When you file bankruptcy you are supposed to list any current lawsuits you have against anyone else, such as a medical malpractice suit, as well as any potential claim against a third party which claim may later result in you filing a lawsuit. Your lawsuits and claims are part of the bankruptcy estate. The trustee can either prosecute the lawsuit in your behalf or he can sell the claim or lawsuit and distribute proceeds to your creditors.
Frankly, some people do not list potential claims and possible future lawsuits. They figure they can file a lawsuit after the bankruptcy is over and that the trustee will not find out about it. One problem with this debtor strategy is that the person you later sue can dismiss the lawsuit because you did not list the claim in your bankruptcy.
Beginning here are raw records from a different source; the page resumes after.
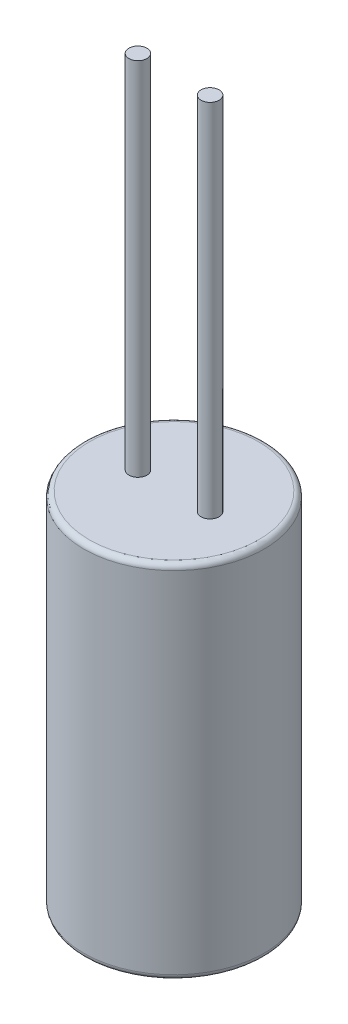
from build123d import *

# Parameters (mm, degrees)
SKETCH1_R           = 5
BOSS_EXTRUDE1_DEPTH = 20
SKETCH2_R           = 0.5
BOSS_EXTRUDE2_DEPTH = 20
FILLET1_R           = 0.3


with BuildPart() as part:
    # Sketch1 → Boss-Extrude1 (new body)
    with BuildSketch(Plane(origin=(0, 0, 0), x_dir=(1, 0, 0), z_dir=(0, 1, 0))):
        Circle(SKETCH1_R)
    extrude(amount=BOSS_EXTRUDE1_DEPTH)

    # Sketch2 → Boss-Extrude2 (add)
    with BuildSketch(Plane(origin=(0, 20, 0), x_dir=(1, 0, 0), z_dir=(0, 1, 0))):
        with Locations((-2, 0)):
            Circle(SKETCH2_R)
        with Locations((2, 0)):
            Circle(SKETCH2_R)
    extrude(amount=BOSS_EXTRUDE2_DEPTH)

    # Fillet1
    fillet1_edges = [part.edges().sort_by_distance(p)[0] for p in [
        (-5, 0, 0),
        (-5, 20, 0),
    ]]
    fillet(fillet1_edges, radius=FILLET1_R)


solid = part.part
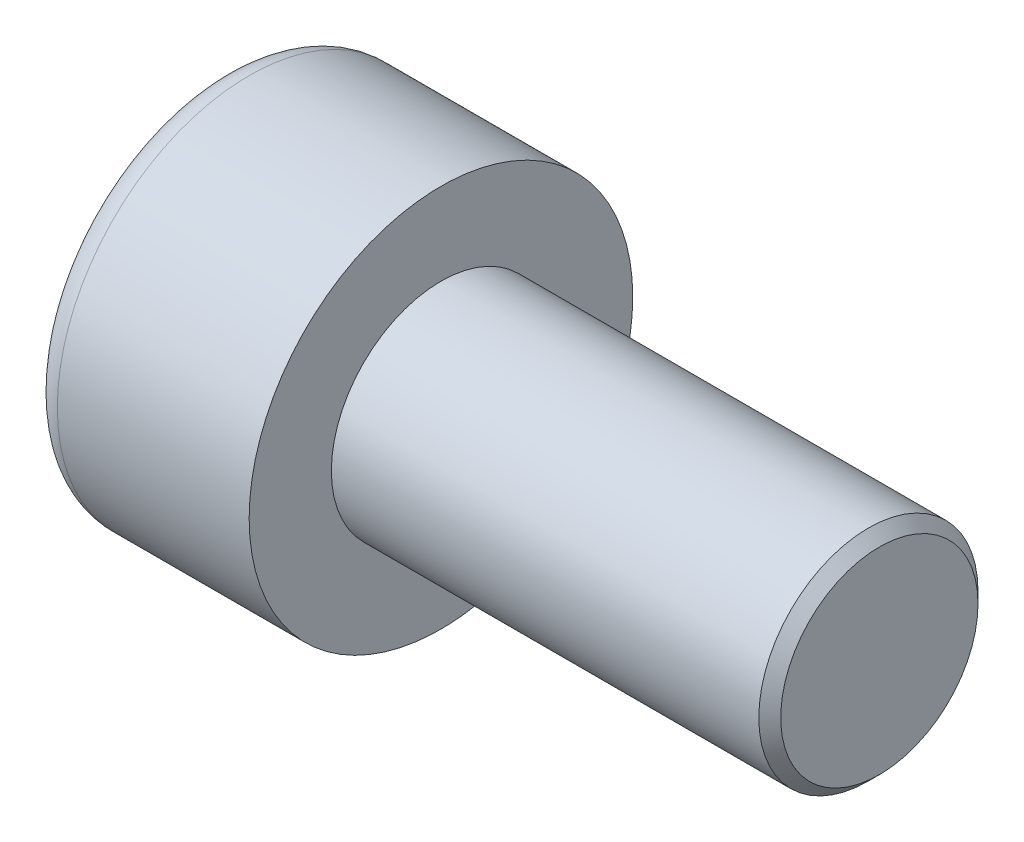
from build123d import *

# Parameters (mm, degrees)
SKETCH1_R           = 3.5
BASEHEAD_DEPTH      = 4
SKETCH2_R           = 2
BASEBODY_DEPTH      = 8
HEXAGONSOCKET_DEPTH = 2
TOPFILLET_R         = 0.5
CHAMFER1_SIZE       = 0.2


with BuildPart() as part:
    # Sketch1 → BaseHead (new body)
    with BuildSketch(Plane(origin=(0, 0, 0), x_dir=(0, 0, -1), z_dir=(1, 0, 0))):
        Circle(SKETCH1_R)
    extrude(amount=BASEHEAD_DEPTH)

    # Sketch2 → BaseBody (add)
    with BuildSketch(Plane(origin=(4, 0, 0), x_dir=(0, 0, -1), z_dir=(1, 0, 0))):
        Circle(SKETCH2_R)
    extrude(amount=BASEBODY_DEPTH)

    # Sketch3 → HexagonSocket (cut)
    with BuildSketch(Plane(origin=(0, 0, 0), x_dir=(0, 0, -1), z_dir=(1, 0, 0))):
        Polygon((1.732050808, 0), (0.866025404, 1.5), (-0.866025404, 1.5), (-1.732050808, 0), (-0.866025404, -1.5), (0.866025404, -1.5), align=None)
    extrude(amount=HEXAGONSOCKET_DEPTH, mode=Mode.SUBTRACT)

    # Sketch4 → Cut-Revolve1 (revolve, cut)
    with BuildSketch(Plane(origin=(-4.19613823, 0.75, 0), x_dir=(-1, 0, 0), z_dir=(0, 0, 1))):
        Polygon((-6.19613823, 2.25), (-7.062163633, 0.75), (-6.19613823, 0.75), align=None)
    revolve(axis=Axis((0.838992387, 0, 0), (-1, 0, 0)), mode=Mode.SUBTRACT)

    # TopFillet
    topfillet_edges = [part.edges().sort_by_distance(p)[0] for p in [
        (0, 0, 3.5),
    ]]
    fillet(topfillet_edges, radius=TOPFILLET_R)

    # Chamfer1
    chamfer1_edges = [part.edges().sort_by_distance(p)[0] for p in [
        (12, 0, 2),
    ]]
    chamfer(chamfer1_edges, length=CHAMFER1_SIZE)


solid = part.part

I read a post in the Los Angeles Bankruptcy Law Monitor about a court which applied the theory of judicial estoppel to defend a lawsuit by a plaintiff who had recently filed bankruptcy and did not list the potential lawsuit as an asset. In laymen terms, judicial estoppel means you cannot take inconsistent positions in different judicial proceedings. You cannot tell the bankruptcy court you have no claims and then assert a claim in civil court soon thereafter. In this case, the court dismissed a lawsuit because the plaintiff’s recent bankruptcy asserted that the debtor had no claims or reasons to sue anyone.